Sub amp - Begringer EP1500

/ If anyone is interested I was considering posting the build project of the Sub in that forum. I took pics throughout the design process.


----------



## JCD (Apr 20, 2006)

Can you give us a budget? There are a LOT of kits out there that obviuosly run from very inexpensive to very expensive.

In general, I'd recommend the kits at Madisound for a first timer. You can take a look and see if any of those offerings tempt you.

JCD


----------



## JCD (Apr 20, 2006)

An DEFINTELY post your sub build.. I LOVE those threads!

JCD


----------



## jkoll42 (Aug 7, 2007)

As far a budget, I was thinking about trying to stay under $400 for the pair for components (not including enclosure materials). This has some leeway if there is something that would work out better and was a bit more. Not sure if this is even in the price range of something decent or if I need to hold off longer to wrangle together some more cash.


----------



## JCD (Apr 20, 2006)

For $400 or less, then maybe this one.. and is described in detail here. The guy at Zaph has a good rep among the DIY crowd. 

Another one to take a look at might be the Cygnet kit. A lot of the folks like the kits designed with the Seas drivers. Note: some say the higher end Thor kit have some "mistakes", although others say those "mistakes" had a reason.

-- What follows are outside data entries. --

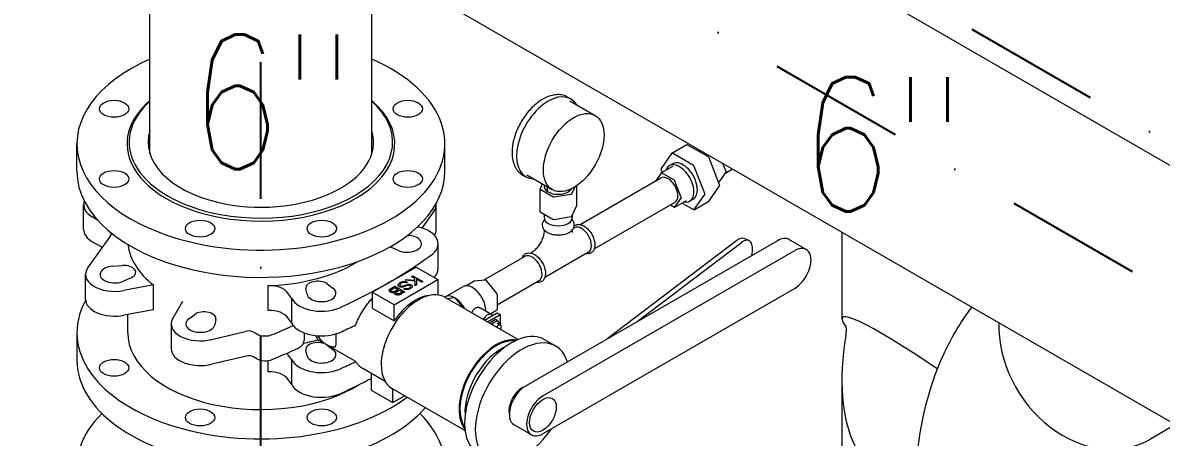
# Model space of a CAD drawing. Header units: millimetres. Extents: x -312439 to 477422, y -331570 to 212570.
# Drawn here: x 345386 to 346443, y 171415 to 171800 of the extents above; entities that cross this region are included whole.
import ezdxf

# ---------------------------------------------------------------- set-up
doc = ezdxf.new("R2010")
doc.units = ezdxf.units.MM
doc.linetypes.add('DASHDOT', pattern=[25.4, 12.7, -6.35, 0, -6.35])
doc.layers.add('ARCONDTEXTO', color=4, linetype='Continuous')
doc.styles.add('ROMAND', font='ROMAND.SHX')
doc.styles.add('ROMANS', font='romans.shx', dxfattribs={"height": 187.5})
doc.dimstyles.new('1-50 (MILIMETRO)', dxfattribs={"dimscale": 0, "dimtxt": 125, "dimasz": 125, "dimexe": 100, "dimexo": 100, "dimgap": 50, "dimtad": 0, "dimdec": 0, "dimzin": 0, "dimdsep": 46, "dimtxsty": 'ROMAND', "dimcen": -390, "dimclrd": 1, "dimclre": 1, "dimclrt": 3, "dimadec": 0, "dimazin": 0, "dimtfac": 1, "dimtdec": 0, "dimtix": 1, "dimtmove": 2, "dimatfit": 2, "dimfxl": 1, "dimtvp": 1, "dimtolj": 1, "dimtzin": 0, "dimarcsym": 0})

# ---------------------------------------------------------------- blocks, each defined once
blk = doc.blocks.new('*D92')
at = {"color": 1, "lineweight": -2, "transparency": 16777216}
for p, q in [((345607.1, 172290.6), (345607.1, 172792.4)), ((348612.8, 170941.5), (345715.4, 172614.4)), ((348721.1, 170492.8), (348721.1, 170994.5))]:
    blk.add_line(p, q, dxfattribs=at)
at = {"color": 1, "transparency": 16777216}
for points in [[(345725.8, 172632.4), (345705, 172596.3), (345607.1, 172676.9)], [(348623.3, 170959.6), (348602.4, 170923.5), (348721.1, 170879)]]:
    blk.add_solid(points, dxfattribs=at)
at = {"layer": 'Defpoints', "color": 0, "transparency": 16777216}
for p in [(345607.1, 172676.9), (345607.1, 172175.2), (348721.1, 170377.3)]:
    blk.add_point(p, dxfattribs=at)
at = {"color": 3, "transparency": 16777216, "insert": (347372.3, 171833.5), "char_height": 125, "attachment_point": 5, "rotation": 330, "style": 'ROMAND'}
blk.add_mtext('\\A1;3596', dxfattribs=at)
blk = doc.blocks.new('*D96')
at = {"color": 1, "lineweight": -2, "transparency": 16777216}
for p, q in [((340982.5, 172444.7), (340982.5, 172743.9)), ((347857.3, 168659.3), (341090.8, 172566)), ((347965.6, 168413.1), (347965.6, 168712.3))]:
    blk.add_line(p, q, dxfattribs=at)
at = {"color": 1, "transparency": 16777216}
for points in [[(341101.2, 172584), (341080.3, 172547.9), (340982.5, 172628.5)], [(347867.7, 168677.3), (347846.9, 168641.2), (347965.6, 168596.8)]]:
    blk.add_solid(points, dxfattribs=at)
at = {"layer": 'Defpoints', "color": 0, "transparency": 16777216}
for p in [(340982.5, 172628.5), (340982.5, 172329.3), (347965.6, 168297.6)]:
    blk.add_point(p, dxfattribs=at)
at = {"color": 3, "transparency": 16777216, "insert": (344536.5, 170720.9), "char_height": 125, "attachment_point": 5, "rotation": 330, "style": 'ROMAND'}
blk.add_mtext('\\A1;8063', dxfattribs=at)
blk = doc.blocks.new('*D26')
at = {"color": 1, "lineweight": -2, "transparency": 16777216}
for p, q in [((345507.1, 172117.4), (345151, 171911.8)), ((345251, 171844.6), (345251, 170794.2)), ((345507.1, 170817), (345151, 170611.4))]:
    blk.add_line(p, q, dxfattribs=at)
at = {"color": 1, "transparency": 16777216}
for points in [[(345230.2, 171844.6), (345271.9, 171844.6), (345251, 171969.6)], [(345230.2, 170794.2), (345271.9, 170794.2), (345251, 170669.2)]]:
    blk.add_solid(points, dxfattribs=at)
at = {"layer": 'Defpoints', "color": 0, "transparency": 16777216}
for p in [(345607.1, 172175.2), (345607.1, 170874.8), (345251, 170669.2)]:
    blk.add_point(p, dxfattribs=at)
at = {"color": 3, "transparency": 16777216, "insert": (345126, 171319.4), "char_height": 125, "attachment_point": 5, "rotation": 90, "style": 'ROMAND'}
blk.add_mtext('\\A1;1300', dxfattribs=at)

msp = doc.modelspace()

# ---------------------------------------------------------------- linework, layer by layer
at = {"color": 6, "linetype": 'DASHDOT', "ltscale": 10, "extrusion": (4.44089e-16, 0.816497, 0.57735)}
msp.add_line((347737.01, 170806.284), (344116.413, 172896.637), dxfattribs=at)
at = {"color": 5, "linetype": 'Continuous', "lineweight": 0, "extrusion": (4.44089e-16, 0.816497, 0.57735)}
for p, q in [((344984.877, 172514.235), (347569.913, 171021.764)), ((344881.815, 172335.726), (347466.851, 170843.255)), ((345504.075, 171678.274), (345504.075, 171922.708)), ((345710.199, 171678.274), (345710.199, 171857.458)), ((345876.987, 171732.189), (345878.676, 171732.585)), ((345891.25, 171731.198), (345894.882, 171729.1)), ((345893.926, 171727.443), (345917.566, 171713.795)), ((345436.285, 171661.976), (345436.285, 171687.376)), ((345777.989, 171661.976), (345777.989, 171687.376)), ((345988.698, 171678.656), (346002.554, 171686.656)), ((346022.702, 171675.29), (346003.11, 171686.601)), ((346013.686, 171680.495), (346015.197, 171681.367)), ((345841.543, 171670.798), (345842.043, 171669.136)), ((345988.573, 171678.54), (345978.777, 171664.604)), ((345989.544, 171668.911), (345986.399, 171667.095)), ((346008.846, 171667.29), (345989.254, 171678.601)), ((346033.179, 171649.195), (346023.383, 171674.443)), ((346039.082, 171661.694), (346036.14, 171669.276)), ((345849.532, 171658.941), (345853.165, 171656.843)), ((345854.122, 171658.5), (345877.762, 171644.852)), ((345978.763, 171660.297), (345973.436, 171652.719)), ((345978.777, 171663.696), (345979.841, 171660.954)), ((345978.862, 171660.389), (345989.574, 171666.574)), ((345991.082, 171653.546), (345979.304, 171660.346)), ((346019.323, 171641.195), (346009.527, 171666.443)), ((346033.193, 171652.594), (346039.082, 171660.972)), ((346038.52, 171660.172), (346045.214, 171664.037)), ((345868.451, 171650.227), (345866.345, 171645.689)), ((345873.277, 171643.218), (345873.277, 171647.441)), ((345895.92, 171641.114), (345898.922, 171647.582)), ((345900.261, 171648.461), (345900.261, 171629.535)), ((345903.686, 171612.449), (345978.672, 171655.742)), ((345997.513, 171637.694), (345991.624, 171652.872)), ((346023.383, 171634.351), (346033.179, 171648.287)), ((346032.115, 171651.937), (346033.094, 171652.502)), ((345866.315, 171645.557), (345866.315, 171624.557)), ((345866.574, 171645.196), (345878.352, 171638.396)), ((345879.206, 171638.264), (345895.295, 171640.753)), ((345893.299, 171643.218), (345893.299, 171644.696)), ((345991.624, 171628.594), (345997.513, 171636.972)), ((346009.527, 171626.351), (346019.323, 171640.287)), ((345442.523, 171607.947), (345442.523, 171630.947)), ((345770.028, 171607.947), (345770.028, 171630.947)), ((345895.92, 171620.114), (345900.231, 171629.402)), ((345916.729, 171589.857), (345991.715, 171633.15)), ((345987.411, 171630.665), (345991.082, 171628.546)), ((345991.524, 171628.502), (346002.237, 171634.687)), ((345998.269, 171632.396), (346008.846, 171626.29)), ((346008.556, 171635.981), (346005.412, 171634.165)), ((346009.402, 171626.235), (346023.258, 171634.235)), ((345455.439, 171616.595), (345450.968, 171619.177)), ((345767.788, 171624.717), (345756.66, 171609.126)), ((345866.574, 171624.196), (345878.352, 171617.396)), ((345870.245, 171622.076), (345870.245, 171618.802)), ((345879.206, 171617.264), (345895.295, 171619.753)), ((345896.332, 171621), (345896.332, 171618.802)), ((345870.245, 171606.911), (345870.245, 171607.527)), ((345872.082, 171614.948), (345872.082, 171613.611)), ((345894.494, 171614.948), (345894.494, 171613.611)), ((345896.332, 171606.911), (345896.332, 171607.527)), ((345898.417, 171609.407), (345897.185, 171608.696)), ((346146.72, 171605.432), (346146.72, 171524.845)), ((345446.486, 171572.234), (345466.851, 171600.773)), ((345459.894, 171591.023), (345450.968, 171596.177)), ((345743.204, 171602.321), (345744.569, 171602.223)), ((346086.813, 171597.433), (345852.987, 171462.433)), ((346049.085, 171597.716), (345928.538, 171506.052)), ((345956.654, 171522.285), (346053.378, 171595.834)), ((346060.262, 171597.538), (346055.969, 171599.42)), ((346113.56, 171589.239), (346097.53, 171598.494)), ((345734.631, 171588.372), (345727.651, 171591.516)), ((345771.754, 171571.5), (345771.754, 171594.5)), ((345858.32, 171586.257), (345857.786, 171585.949)), ((345869.017, 171453.177), (346102.844, 171588.177)), ((345911.46, 171586.815), (345870.83, 171563.357)), ((345469.705, 171573.723), (345478.492, 171574.349)), ((345814.452, 171560.93), (345852.518, 171582.907)), ((345444.246, 171543.004), (345444.246, 171566.004)), ((345486.622, 171563.016), (345479.643, 171559.872)), ((345710.585, 171549.557), (345751.18, 171572.995)), ((345747.117, 171564.236), (345748.282, 171564.909)), ((345750.224, 171562.443), (345747.117, 171564.236)), ((345748.282, 171564.909), (345757.516, 171559.627)), ((345751.18, 171572.995), (345771.478, 171561.276)), ((345507.241, 171556.355), (345479.844, 171551.14)), ((345507.241, 171533.355), (345507.241, 171556.355)), ((345613.965, 171532.667), (345613.965, 171555.667)), ((345650.009, 171547.629), (345648.925, 171552.702)), ((345668.555, 171557.396), (345674.001, 171553.367)), ((345726.578, 171552.129), (345726.837, 171552.378)), ((345726.837, 171552.378), (345727.009, 171552.527)), ((345727.009, 171552.527), (345731.583, 171555.168)), ((345728.347, 171552.104), (345731.41, 171553.873)), ((345730.883, 171537.838), (345771.478, 171561.276)), ((345731.41, 171553.873), (345734.604, 171552.079)), ((345731.583, 171555.168), (345740.817, 171549.887)), ((345734.582, 171556.358), (345734.69, 171556.819)), ((345734.604, 171555.872), (345734.582, 171556.358)), ((345734.776, 171555.573), (345734.604, 171555.872)), ((345734.69, 171556.819), (345734.927, 171557.23)), ((345735.1, 171555.187), (345734.776, 171555.573)), ((345734.927, 171557.23), (345735.143, 171557.504)), ((345735.423, 171554.926), (345735.1, 171555.187)), ((345735.143, 171557.504), (345735.423, 171557.766)), ((345735.423, 171557.766), (345735.941, 171558.189)), ((345735.855, 171554.677), (345735.423, 171554.926)), ((345736.588, 171554.427), (345735.855, 171554.677)), ((345735.941, 171558.189), (345736.718, 171558.638)), ((345736.2, 171556.695), (345736.157, 171556.57)), ((345736.157, 171556.57), (345736.157, 171556.271)), ((345736.157, 171556.271), (345736.286, 171555.997)), ((345736.33, 171556.969), (345736.2, 171556.695)), ((345736.286, 171555.997), (345736.545, 171555.698)), ((345736.545, 171557.243), (345736.33, 171556.969)), ((345736.847, 171557.517), (345736.545, 171557.243)), ((345736.545, 171555.698), (345736.998, 171555.461)), ((345737.063, 171554.303), (345736.588, 171554.427)), ((345736.718, 171558.638), (345737.171, 171558.874)), ((345737.236, 171557.791), (345736.847, 171557.517)), ((345736.998, 171555.461), (345737.408, 171555.324)), ((345737.818, 171554.241), (345737.063, 171554.303)), ((345737.171, 171558.874), (345737.646, 171559.074)), ((345737.451, 171557.915), (345737.236, 171557.791)), ((345737.408, 171555.324), (345737.84, 171555.275)), ((345737.969, 171558.164), (345737.451, 171557.915)), ((345737.646, 171559.074), (345738.12, 171559.248)), ((345738.616, 171554.253), (345737.818, 171554.241)), ((345737.84, 171555.275), (345738.314, 171555.299)), ((345738.66, 171558.413), (345737.969, 171558.164)), ((345738.12, 171559.248), (345738.573, 171559.385)), ((345738.314, 171555.299), (345738.854, 171555.387)), ((345738.573, 171559.385), (345739.048, 171559.485)), ((345739.372, 171554.415), (345738.616, 171554.253)), ((345739.307, 171558.588), (345738.66, 171558.413)), ((345738.854, 171555.387), (345739.479, 171555.549)), ((345739.048, 171559.485), (345739.544, 171559.547)), ((345739.954, 171558.638), (345739.307, 171558.588)), ((345739.609, 171554.477), (345739.372, 171554.415)), ((345739.479, 171555.549), (345741.054, 171556.084)), ((345739.544, 171559.547), (345740.213, 171559.559)), ((345743.32, 171555.723), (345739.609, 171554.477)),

Another online designed kit is the Natalie P's -- I don't know what the part cost is for these guys, but it has a pretty loyal following.

Those are three kits I'd take a look at.

JCD


----------



## mrstampe (Nov 13, 2007)

I'm just starting a Natalie P build here, and the component price was around $330 for a pair. You can check out the original design thread over at HTGuide here.


----------



## DRB (Feb 18, 2008)

I am a Natalie P owner and I like them a lot. Be sure to consider your preferences as you plan your choices. The Natalies can be built with a SEAS tweeter as well as the Parts Express reference tweeter in the original plans. Folks who prefer a slightly softer high end may like the SEAS. I suspect there is some crossover mod needed for the SEAS tweet, of course, so check the plans at HT Guide carefully.

You can use one of Parts Express' excellent manufactured cabinets in building the Natalies. I wish now that I had pursued that choice. Gauge your woodworking skills, equipment, and time before making the leap. Good luck!


----------



## 1Michael (Nov 2, 2006)

I just finished the NatP with the dayton tweeter and I like it very very much.


----------



## DRB (Feb 18, 2008)

> I just finished the NatP with the dayton tweeter and I like it very very much.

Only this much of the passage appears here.